RECORDS SHOWN:
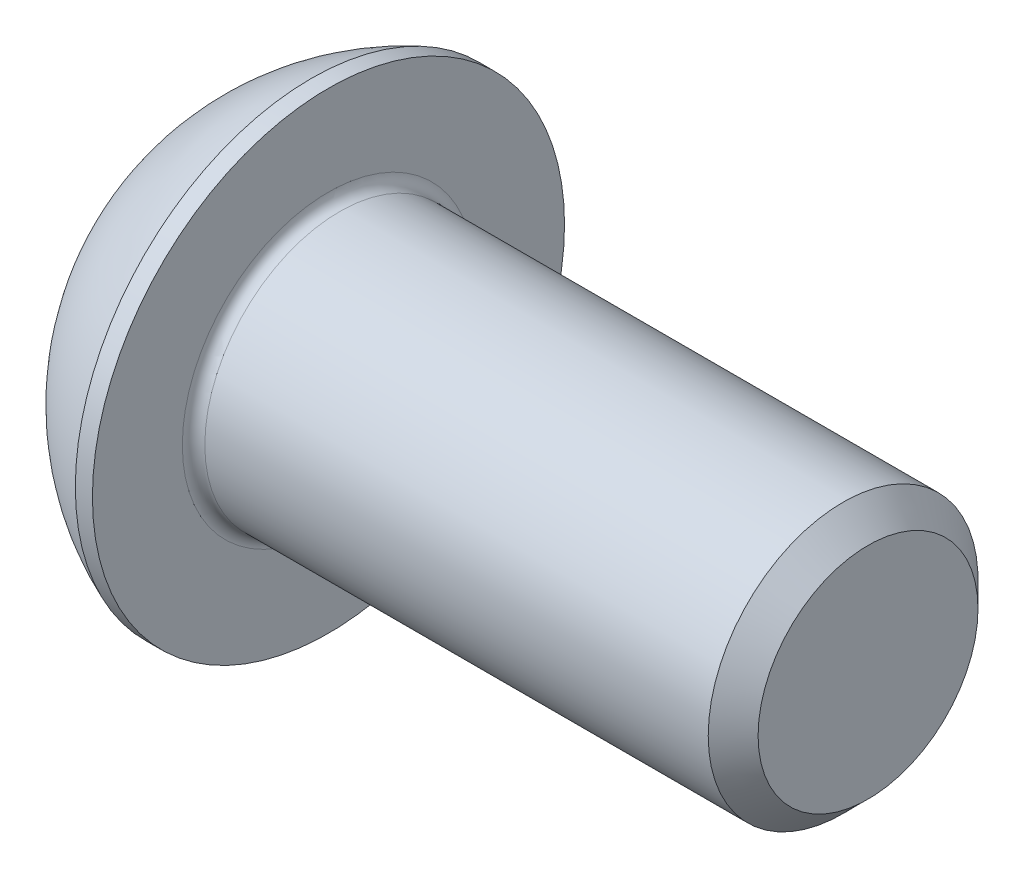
ISO-10303-21;
HEADER;
FILE_DESCRIPTION(('STEP AP214'),'2;1');
FILE_NAME('part.step','',(''),(''),'','','');
FILE_SCHEMA(('AUTOMOTIVE_DESIGN { 1 0 10303 214 1 1 1 1 }'));
ENDSEC;
DATA;
#1=APPLICATION_CONTEXT('core data for automotive mechanical design processes');
#2=APPLICATION_PROTOCOL_DEFINITION('international standard','automotive_design',2000,#1);
#3=PRODUCT_CONTEXT('',#1,'mechanical');
#4=PRODUCT('Part','Part','',(#3));
#5=PRODUCT_RELATED_PRODUCT_CATEGORY('part','',(#4));
#6=PRODUCT_DEFINITION_FORMATION('','',#4);
#7=PRODUCT_DEFINITION_CONTEXT('part definition',#1,'design');
#8=PRODUCT_DEFINITION('design','',#6,#7);
#9=PRODUCT_DEFINITION_SHAPE('','',#8);
#10=(LENGTH_UNIT() NAMED_UNIT(*) SI_UNIT(.MILLI.,.METRE.));
#11=(NAMED_UNIT(*) PLANE_ANGLE_UNIT() SI_UNIT($,.RADIAN.));
#12=(NAMED_UNIT(*) SI_UNIT($,.STERADIAN.) SOLID_ANGLE_UNIT());
#13=UNCERTAINTY_MEASURE_WITH_UNIT(LENGTH_MEASURE(1.E-05),#10,'distance_accuracy_value','');
#14=(GEOMETRIC_REPRESENTATION_CONTEXT(3) GLOBAL_UNCERTAINTY_ASSIGNED_CONTEXT((#13)) GLOBAL_UNIT_ASSIGNED_CONTEXT((#10,
#11,#12)) REPRESENTATION_CONTEXT('',''));
#15=CARTESIAN_POINT('',(0.,0.,0.));
#16=DIRECTION('',(0.,0.,1.));
#17=DIRECTION('',(1.,0.,0.));
#18=AXIS2_PLACEMENT_3D('',#15,#16,#17);
#19=CARTESIAN_POINT('',(0.,0.,0.));
#20=DIRECTION('',(-1.,0.,0.));
#21=DIRECTION('',(0.,0.,1.));
#22=AXIS2_PLACEMENT_3D('',#19,#20,#21);
#23=PLANE('',#22);
#24=CARTESIAN_POINT('',(0.,0.,0.));
#25=DIRECTION('',(-1.,0.,0.));
#26=DIRECTION('',(0.,0.,1.));
#27=AXIS2_PLACEMENT_3D('',#24,#25,#26);
#28=CIRCLE('',#27,2.625);
#29=CARTESIAN_POINT('',(0.,2.625,0.));
#30=VERTEX_POINT('',#29);
#31=EDGE_CURVE('E156',#30,#30,#28,.T.);
#32=ORIENTED_EDGE('',*,*,#31,.T.);
#33=EDGE_LOOP('',(#32));
#34=FACE_BOUND('',#33,.T.);
#35=DIRECTION('',(0.,-1.,0.));
#36=VECTOR('',#35,1.);
#37=CARTESIAN_POINT('',(0.,-1.15470053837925,2.));
#38=LINE('',#37,#36);
#39=CARTESIAN_POINT('',(0.,1.15470053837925,2.));
#40=VERTEX_POINT('',#39);
#41=CARTESIAN_POINT('',(0.,-1.15470053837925,2.));
#42=VERTEX_POINT('',#41);
#43=EDGE_CURVE('E51',#40,#42,#38,.T.);
#44=ORIENTED_EDGE('',*,*,#43,.T.);
#45=DIRECTION('',(0.,-0.499999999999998,-0.86602540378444));
#46=VECTOR('',#45,1.);
#47=CARTESIAN_POINT('',(0.,-2.3094010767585,0.));
#48=LINE('',#47,#46);
#49=CARTESIAN_POINT('',(0.,-2.3094010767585,0.));
#50=VERTEX_POINT('',#49);
#51=EDGE_CURVE('E276',#42,#50,#48,.T.);
#52=ORIENTED_EDGE('',*,*,#51,.T.);
#53=DIRECTION('',(0.,0.499999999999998,-0.86602540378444));
#54=VECTOR('',#53,1.);
#55=CARTESIAN_POINT('',(0.,-1.15470053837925,-2.));
#56=LINE('',#55,#54);
#57=CARTESIAN_POINT('',(0.,-1.15470053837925,-2.));
#58=VERTEX_POINT('',#57);
#59=EDGE_CURVE('E131',#50,#58,#56,.T.);
#60=ORIENTED_EDGE('',*,*,#59,.T.);
#61=DIRECTION('',(0.,1.,0.));
#62=VECTOR('',#61,1.);
#63=CARTESIAN_POINT('',(0.,1.15470053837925,-2.));
#64=LINE('',#63,#62);
#65=CARTESIAN_POINT('',(0.,1.15470053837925,-2.));
#66=VERTEX_POINT('',#65);
#67=EDGE_CURVE('E279',#58,#66,#64,.T.);
#68=ORIENTED_EDGE('',*,*,#67,.T.);
#69=DIRECTION('',(0.,0.499999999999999,0.866025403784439));
#70=VECTOR('',#69,1.);
#71=CARTESIAN_POINT('',(0.,2.3094010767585,0.));
#72=LINE('',#71,#70);
#73=CARTESIAN_POINT('',(0.,2.3094010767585,0.));
#74=VERTEX_POINT('',#73);
#75=EDGE_CURVE('E281',#66,#74,#72,.T.);
#76=ORIENTED_EDGE('',*,*,#75,.T.);
#77=DIRECTION('',(0.,-0.499999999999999,0.866025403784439));
#78=VECTOR('',#77,1.);
#79=CARTESIAN_POINT('',(0.,1.15470053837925,2.));
#80=LINE('',#79,#78);
#81=EDGE_CURVE('E283',#74,#40,#80,.T.);
#82=ORIENTED_EDGE('',*,*,#81,.T.);
#83=EDGE_LOOP('',(#44,#52,#60,#68,#76,#82));
#84=FACE_BOUND('',#83,.T.);
#85=ADVANCED_FACE('F36',(#34,#84),#23,.T.);
#86=CARTESIAN_POINT('',(4.99970462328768,0.,0.));
#87=DIRECTION('',(-1.,0.,0.));
#88=DIRECTION('',(0.,1.,0.));
#89=AXIS2_PLACEMENT_3D('',#86,#87,#88);
#90=SPHERICAL_SURFACE('',#89,5.64691697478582);
#91=CARTESIAN_POINT('',(2.92,0.,0.));
#92=DIRECTION('',(-1.,0.,0.));
#93=DIRECTION('',(0.,0.,1.));
#94=AXIS2_PLACEMENT_3D('',#91,#92,#93);
#95=CIRCLE('',#94,5.25);
#96=CARTESIAN_POINT('',(2.92,5.25,0.));
#97=VERTEX_POINT('',#96);
#98=EDGE_CURVE('E153',#97,#97,#95,.T.);
#99=CARTESIAN_POINT('',(2.92,5.25,0.));
#100=CARTESIAN_POINT('',(2.88116333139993,5.23461555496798,0.));
#101=CARTESIAN_POINT('',(2.84249743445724,5.21880002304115,0.));
#102=CARTESIAN_POINT('',(2.76552608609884,5.18631490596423,0.));
#103=CARTESIAN_POINT('',(2.72722063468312,5.16964532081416,0.));
#104=CARTESIAN_POINT('',(2.65098907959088,5.13546021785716,0.));
#105=CARTESIAN_POINT('',(2.61306297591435,5.11794470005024,0.));
#106=CARTESIAN_POINT('',(2.5376087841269,5.08207638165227,0.));
#107=CARTESIAN_POINT('',(2.50008069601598,5.06372358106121,0.));
#108=CARTESIAN_POINT('',(2.42544101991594,5.02618972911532,0.));
#109=CARTESIAN_POINT('',(2.38832943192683,5.00700867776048,0.));
#110=CARTESIAN_POINT('',(2.31454103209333,4.9678277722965,0.));
#111=CARTESIAN_POINT('',(2.27786422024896,4.94782791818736,0.));
#112=CARTESIAN_POINT('',(2.204963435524,4.90701925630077,0.));
#113=CARTESIAN_POINT('',(2.16873946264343,4.88621044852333,0.));
#114=CARTESIAN_POINT('',(2.09676219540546,4.84379412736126,0.));
#115=CARTESIAN_POINT('',(2.06100890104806,4.82218661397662,0.));
#116=CARTESIAN_POINT('',(1.9899905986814,4.77818352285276,0.));
#117=CARTESIAN_POINT('',(1.95472559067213,4.75578794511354,0.));
#118=CARTESIAN_POINT('',(1.88470122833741,4.71021975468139,0.));
#119=CARTESIAN_POINT('',(1.84994187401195,4.68704714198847,0.));
#120=CARTESIAN_POINT('',(1.78094593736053,4.63993629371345,0.));
#121=CARTESIAN_POINT('',(1.74670935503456,4.61599805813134,0.));
#122=CARTESIAN_POINT('',(1.67877582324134,4.56736775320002,0.));
#123=CARTESIAN_POINT('',(1.6450788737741,4.5426756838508,0.));
#124=CARTESIAN_POINT('',(1.57824120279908,4.4925498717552,0.));
#125=CARTESIAN_POINT('',(1.54510048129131,4.4671161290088,0.));
#126=CARTESIAN_POINT('',(1.4793915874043,4.4155194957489,0.));
#127=CARTESIAN_POINT('',(1.44682341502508,4.38935660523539,0.));
#128=CARTESIAN_POINT('',(1.3822756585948,4.33631456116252,0.));
#129=CARTESIAN_POINT('',(1.35029607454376,4.30943540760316,0.));
#130=CARTESIAN_POINT('',(1.28694124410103,4.2549740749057,0.));
#131=CARTESIAN_POINT('',(1.25556599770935,4.22739189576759,0.));
#132=CARTESIAN_POINT('',(1.19343529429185,4.17153809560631,0.));
#133=CARTESIAN_POINT('',(1.16267983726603,4.14326647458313,0.));
#134=CARTESIAN_POINT('',(1.10180385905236,4.0860477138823,0.));
#135=CARTESIAN_POINT('',(1.07168333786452,4.05710057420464,0.));
#136=CARTESIAN_POINT('',(1.01209206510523,3.99854503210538,0.));
#137=CARTESIAN_POINT('',(0.982621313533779,3.96893662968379,0.));
#138=CARTESIAN_POINT('',(0.924344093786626,3.90907314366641,0.));
#139=CARTESIAN_POINT('',(0.895537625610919,3.87881806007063,0.));
#140=CARTESIAN_POINT('',(0.838603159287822,3.8176761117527,0.));
#141=CARTESIAN_POINT('',(0.810475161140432,3.78678924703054,0.));
#142=CARTESIAN_POINT('',(0.754911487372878,3.72439894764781,0.));
#143=CARTESIAN_POINT('',(0.727475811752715,3.69289551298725,0.));
#144=CARTESIAN_POINT('',(0.673310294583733,3.62928758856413,0.));
#145=CARTESIAN_POINT('',(0.646580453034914,3.59718309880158,0.));
#146=CARTESIAN_POINT('',(0.593839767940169,3.53238887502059,0.));
#147=CARTESIAN_POINT('',(0.567828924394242,3.49969914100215,0.));
#148=CARTESIAN_POINT('',(0.516539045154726,3.43375052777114,0.));
#149=CARTESIAN_POINT('',(0.491260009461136,3.40049164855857,0.));
#150=CARTESIAN_POINT('',(0.441446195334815,3.33342112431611,0.));
#151=CARTESIAN_POINT('',(0.416911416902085,3.29960947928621,0.));
#152=CARTESIAN_POINT('',(0.368598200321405,3.23145007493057,0.));
#153=CARTESIAN_POINT('',(0.344819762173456,3.19710231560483,0.));
#154=CARTESIAN_POINT('',(0.298030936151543,3.12788759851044,0.));
#155=CARTESIAN_POINT('',(0.275020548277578,3.09302064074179,0.));
#156=CARTESIAN_POINT('',(0.229779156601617,3.02278469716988,0.));
#157=CARTESIAN_POINT('',(0.207548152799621,2.98741571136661,0.));
#158=CARTESIAN_POINT('',(0.163876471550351,2.91619313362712,0.));
#159=CARTESIAN_POINT('',(0.142435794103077,2.8803395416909,0.));
#160=CARTESIAN_POINT('',(0.100355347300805,2.80816539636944,0.));
#161=CARTESIAN_POINT('',(0.0797155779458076,2.7718448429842,0.));
#162=CARTESIAN_POINT('',(0.0392470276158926,2.69875470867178,0.));
#163=CARTESIAN_POINT('',(0.0194182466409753,2.66198512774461,0.));
#164=CARTESIAN_POINT('',(0.,2.625,0.));
#165=B_SPLINE_CURVE_WITH_KNOTS('',3,(#99,#100,#101,#102,#103,#104,#105,#106,#107,#108,#109,#110,
#111,#112,#113,#114,#115,#116,#117,#118,#119,#120,#121,#122,#123,#124,#125,#126,#127,#128,#129,
#130,#131,#132,#133,#134,#135,#136,#137,#138,#139,#140,#141,#142,#143,#144,#145,#146,#147,#148,
#149,#150,#151,#152,#153,#154,#155,#156,#157,#158,#159,#160,#161,#162,#163,#164),.UNSPECIFIED.,
.F.,.F.,(4,2,2,2,2,2,2,2,2,2,2,2,2,2,2,2,2,2,2,2,2,2,2,2,2,2,2,2,2,2,2,2,4),(0.,
0.12531586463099,0.25063172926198,0.37594759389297,0.501263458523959,0.626579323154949,
0.751895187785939,0.877211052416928,1.00252691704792,1.12784278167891,1.2531586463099,
1.37847451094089,1.50379037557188,1.62910624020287,1.75442210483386,1.87973796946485,
2.00505383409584,2.13036969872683,2.25568556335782,2.38100142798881,2.5063172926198,
2.63163315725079,2.75694902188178,2.88226488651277,3.00758075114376,3.13289661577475,
3.25821248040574,3.38352834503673,3.50884420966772,3.6341600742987,3.7594759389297,
3.88479180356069,4.01010766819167),.UNSPECIFIED.);
#166=EDGE_CURVE('BSEAM177',#97,#30,#165,.T.);
#167=ORIENTED_EDGE('',*,*,#98,.T.);
#168=ORIENTED_EDGE('',*,*,#31,.F.);
#169=ORIENTED_EDGE('',*,*,#166,.T.);
#170=ORIENTED_EDGE('',*,*,#166,.F.);
#171=EDGE_LOOP('',(#167,#169,#168,#170));
#172=FACE_BOUND('',#171,.T.);
#173=ADVANCED_FACE('F177',(#172),#90,.T.);
#174=CARTESIAN_POINT('',(0.,0.,0.));
#175=DIRECTION('',(-1.,0.,0.));
#176=DIRECTION('',(0.,0.,1.));
#177=AXIS2_PLACEMENT_3D('',#174,#175,#176);
#178=CYLINDRICAL_SURFACE('',#177,5.25);
#179=ORIENTED_EDGE('',*,*,#98,.F.);
#180=EDGE_LOOP('',(#179));
#181=FACE_BOUND('',#180,.T.);
#182=CARTESIAN_POINT('',(3.3,0.,0.));
#183=DIRECTION('',(-1.,0.,0.));
#184=DIRECTION('',(0.,0.,1.));
#185=AXIS2_PLACEMENT_3D('',#182,#183,#184);
#186=CIRCLE('',#185,5.25);
#187=CARTESIAN_POINT('',(3.3,0.,5.25));
#188=VERTEX_POINT('',#187);
#189=EDGE_CURVE('E150',#188,#188,#186,.T.);
#190=ORIENTED_EDGE('',*,*,#189,.T.);
#191=EDGE_LOOP('',(#190));
#192=FACE_BOUND('',#191,.T.);
#193=ADVANCED_FACE('F182',(#181,#192),#178,.T.);
#194=CARTESIAN_POINT('',(3.3,2.99999999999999,0.));
#195=DIRECTION('',(-1.,0.,0.));
#196=DIRECTION('',(0.,0.,1.));
#197=AXIS2_PLACEMENT_3D('',#194,#195,#196);
#198=PLANE('',#197);
#199=CARTESIAN_POINT('',(3.3,0.,0.));
#200=DIRECTION('',(-1.,0.,0.));
#201=DIRECTION('',(0.,0.,1.));
#202=AXIS2_PLACEMENT_3D('',#199,#200,#201);
#203=CIRCLE('',#202,3.24999999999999);
#204=CARTESIAN_POINT('',(3.3,0.,3.24999999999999));
#205=VERTEX_POINT('',#204);
#206=EDGE_CURVE('E44',#205,#205,#203,.T.);
#207=ORIENTED_EDGE('',*,*,#206,.T.);
#208=EDGE_LOOP('',(#207));
#209=FACE_BOUND('',#208,.T.);
#210=ORIENTED_EDGE('',*,*,#189,.F.);
#211=EDGE_LOOP('',(#210));
#212=FACE_BOUND('',#211,.T.);
#213=ADVANCED_FACE('F161',(#209,#212),#198,.F.);
#214=CARTESIAN_POINT('',(0.,0.,0.));
#215=DIRECTION('',(-1.,0.,0.));
#216=DIRECTION('',(0.,0.,1.));
#217=AXIS2_PLACEMENT_3D('',#214,#215,#216);
#218=CYLINDRICAL_SURFACE('',#217,2.99999999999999);
#219=CARTESIAN_POINT('',(3.55,0.,0.));
#220=DIRECTION('',(-1.,0.,0.));
#221=DIRECTION('',(0.,0.,1.));
#222=AXIS2_PLACEMENT_3D('',#219,#220,#221);
#223=CIRCLE('',#222,2.99999999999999);
#224=CARTESIAN_POINT('',(3.55,0.,2.99999999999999));
#225=VERTEX_POINT('',#224);
#226=EDGE_CURVE('E11',#225,#225,#223,.F.);
#227=ORIENTED_EDGE('',*,*,#226,.T.);
#228=EDGE_LOOP('',(#227));
#229=FACE_BOUND('',#228,.T.);
#230=CARTESIAN_POINT('',(14.7455,0.,0.));
#231=DIRECTION('',(-1.,0.,0.));
#232=DIRECTION('',(0.,0.,1.));
#233=AXIS2_PLACEMENT_3D('',#230,#231,#232);
#234=CIRCLE('',#233,3.);
#235=CARTESIAN_POINT('',(14.7455,0.,3.));
#236=VERTEX_POINT('',#235);
#237=EDGE_CURVE('E147',#236,#236,#234,.T.);
#238=ORIENTED_EDGE('',*,*,#237,.T.);
#239=EDGE_LOOP('',(#238));
#240=FACE_BOUND('',#239,.T.);
#241=ADVANCED_FACE('F191',(#229,#240),#218,.T.);
#242=CARTESIAN_POINT('',(15.3,0.,0.));
#243=DIRECTION('',(-1.,0.,0.));
#244=DIRECTION('',(0.,0.,1.));
#245=AXIS2_PLACEMENT_3D('',#242,#243,#244);
#246=CONICAL_SURFACE('',#245,2.4455,0.785398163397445);
#247=ORIENTED_EDGE('',*,*,#237,.F.);
#248=EDGE_LOOP('',(#247));
#249=FACE_BOUND('',#248,.T.);
#250=CARTESIAN_POINT('',(15.3,0.,0.));
#251=DIRECTION('',(-1.,0.,0.));
#252=DIRECTION('',(0.,0.,1.));
#253=AXIS2_PLACEMENT_3D('',#250,#251,#252);
#254=CIRCLE('',#253,2.4455);
#255=CARTESIAN_POINT('',(15.3,0.,2.4455));
#256=VERTEX_POINT('',#255);
#257=EDGE_CURVE('E143',#256,#256,#254,.T.);
#258=ORIENTED_EDGE('',*,*,#257,.T.);
#259=EDGE_LOOP('',(#258));
#260=FACE_BOUND('',#259,.T.);
#261=ADVANCED_FACE('F172',(#249,#260),#246,.T.);
#262=CARTESIAN_POINT('',(15.3,0.,0.));
#263=DIRECTION('',(-1.,0.,0.));
#264=DIRECTION('',(0.,0.,1.));
#265=AXIS2_PLACEMENT_3D('',#262,#263,#264);
#266=PLANE('',#265);
#267=ORIENTED_EDGE('',*,*,#257,.F.);
#268=EDGE_LOOP('',(#267));
#269=FACE_BOUND('',#268,.T.);
#270=ADVANCED_FACE('F165',(#269),#266,.F.);
#271=CARTESIAN_POINT('',(3.55,0.,0.));
#272=DIRECTION('',(-1.,0.,0.));
#273=DIRECTION('',(0.,0.,1.));
#274=AXIS2_PLACEMENT_3D('',#271,#272,#273);
#275=TOROIDAL_SURFACE('',#274,3.24999999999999,0.25);
#276=ORIENTED_EDGE('',*,*,#226,.F.);
#277=EDGE_LOOP('',(#276));
#278=FACE_BOUND('',#277,.T.);
#279=ORIENTED_EDGE('',*,*,#206,.F.);
#280=EDGE_LOOP('',(#279));
#281=FACE_BOUND('',#280,.T.);
#282=ADVANCED_FACE('F38',(#278,#281),#275,.F.);
#283=CARTESIAN_POINT('',(2.08,-2.3094010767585,0.));
#284=DIRECTION('',(0.,0.86602540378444,-0.499999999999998));
#285=DIRECTION('',(0.,0.499999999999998,0.86602540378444));
#286=AXIS2_PLACEMENT_3D('',#283,#284,#285);
#287=PLANE('',#286);
#288=DIRECTION('',(0.,-0.499999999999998,-0.86602540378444));
#289=VECTOR('',#288,1.);
#290=CARTESIAN_POINT('',(2.08,-2.3094010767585,0.));
#291=LINE('',#290,#289);
#292=CARTESIAN_POINT('',(2.08,-1.15470053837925,2.));
#293=VERTEX_POINT('',#292);
#294=CARTESIAN_POINT('',(2.08,-1.73205080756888,0.999999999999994));
#295=VERTEX_POINT('',#294);
#296=EDGE_CURVE('E117',#293,#295,#291,.T.);
#297=ORIENTED_EDGE('',*,*,#296,.T.);
#298=CARTESIAN_POINT('',(2.08,-2.3094010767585,0.));
#299=VERTEX_POINT('',#298);
#300=EDGE_CURVE('E112',#295,#299,#291,.T.);
#301=ORIENTED_EDGE('',*,*,#300,.T.);
#302=DIRECTION('',(-1.,0.,0.));
#303=VECTOR('',#302,1.);
#304=CARTESIAN_POINT('',(2.08,-2.3094010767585,0.));
#305=LINE('',#304,#303);
#306=EDGE_CURVE('E114',#299,#50,#305,.T.);
#307=ORIENTED_EDGE('',*,*,#306,.T.);
#308=ORIENTED_EDGE('',*,*,#51,.F.);
#309=DIRECTION('',(-1.,0.,0.));
#310=VECTOR('',#309,1.);
#311=CARTESIAN_POINT('',(2.08,-1.15470053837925,2.));
#312=LINE('',#311,#310);
#313=EDGE_CURVE('E272',#293,#42,#312,.T.);
#314=ORIENTED_EDGE('',*,*,#313,.F.);
#315=EDGE_LOOP('',(#297,#301,#307,#308,#314));
#316=FACE_BOUND('',#315,.T.);
#317=ADVANCED_FACE('F113',(#316),#287,.T.);
#318=CARTESIAN_POINT('',(2.08,-1.15470053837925,-2.));
#319=DIRECTION('',(0.,0.86602540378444,0.499999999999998));
#320=DIRECTION('',(0.,-0.499999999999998,0.86602540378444));
#321=AXIS2_PLACEMENT_3D('',#318,#319,#320);
#322=PLANE('',#321);
#323=DIRECTION('',(0.,0.499999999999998,-0.86602540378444));
#324=VECTOR('',#323,1.);
#325=CARTESIAN_POINT('',(2.08,-1.15470053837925,-2.));
#326=LINE('',#325,#324);
#327=CARTESIAN_POINT('',(2.08,-1.73205080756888,-0.999999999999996));
#328=VERTEX_POINT('',#327);
#329=EDGE_CURVE('E59',#299,#328,#326,.T.);
#330=ORIENTED_EDGE('',*,*,#329,.T.);
#331=CARTESIAN_POINT('',(2.08,-1.15470053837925,-2.));
#332=VERTEX_POINT('',#331);
#333=EDGE_CURVE('E126',#328,#332,#326,.T.);
#334=ORIENTED_EDGE('',*,*,#333,.T.);
#335=DIRECTION('',(-1.,0.,0.));
#336=VECTOR('',#335,1.);
#337=CARTESIAN_POINT('',(2.08,-1.15470053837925,-2.));
#338=LINE('',#337,#336);
#339=EDGE_CURVE('E133',#332,#58,#338,.T.);
#340=ORIENTED_EDGE('',*,*,#339,.T.);
#341=ORIENTED_EDGE('',*,*,#59,.F.);
#342=ORIENTED_EDGE('',*,*,#306,.F.);
#343=EDGE_LOOP('',(#330,#334,#340,#341,#342));
#344=FACE_BOUND('',#343,.T.);
#345=ADVANCED_FACE('F129',(#344),#322,.T.);
#346=CARTESIAN_POINT('',(2.08,1.15470053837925,-2.));
#347=DIRECTION('',(0.,0.,1.));
#348=DIRECTION('',(0.,-1.,0.));
#349=AXIS2_PLACEMENT_3D('',#346,#347,#348);
#350=PLANE('',#349);
#351=DIRECTION('',(0.,1.,0.));
#352=VECTOR('',#351,1.);
#353=CARTESIAN_POINT('',(2.08,1.15470053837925,-2.));
#354=LINE('',#353,#352);
#355=CARTESIAN_POINT('',(2.08,0.,-2.));
#356=VERTEX_POINT('',#355);
#357=EDGE_CURVE('E253',#332,#356,#354,.T.);
#358=ORIENTED_EDGE('',*,*,#357,.T.);
#359=CARTESIAN_POINT('',(2.08,1.15470053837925,-2.));
#360=VERTEX_POINT('',#359);
#361=EDGE_CURVE('E125',#356,#360,#354,.T.);
#362=ORIENTED_EDGE('',*,*,#361,.T.);
#363=DIRECTION('',(-1.,0.,0.));
#364=VECTOR('',#363,1.);
#365=CARTESIAN_POINT('',(2.08,1.15470053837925,-2.));
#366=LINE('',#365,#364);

WHAT TO WORK ON:
Retype exactly, and only, the lines above from the one where "#70=VECTOR('',#69,1.);" occurs up to and including the one where "#82=ORIENTED_EDGE('',*,*,#81,.T.);" occurs.

TASK OUTPUT:
#70=VECTOR('',#69,1.);
#71=CARTESIAN_POINT('',(0.,2.3094010767585,0.));
#72=LINE('',#71,#70);
#73=CARTESIAN_POINT('',(0.,2.3094010767585,0.));
#74=VERTEX_POINT('',#73);
#75=EDGE_CURVE('E281',#66,#74,#72,.T.);
#76=ORIENTED_EDGE('',*,*,#75,.T.);
#77=DIRECTION('',(0.,-0.499999999999999,0.866025403784439));
#78=VECTOR('',#77,1.);
#79=CARTESIAN_POINT('',(0.,1.15470053837925,2.));
#80=LINE('',#79,#78);
#81=EDGE_CURVE('E283',#74,#40,#80,.T.);
#82=ORIENTED_EDGE('',*,*,#81,.T.);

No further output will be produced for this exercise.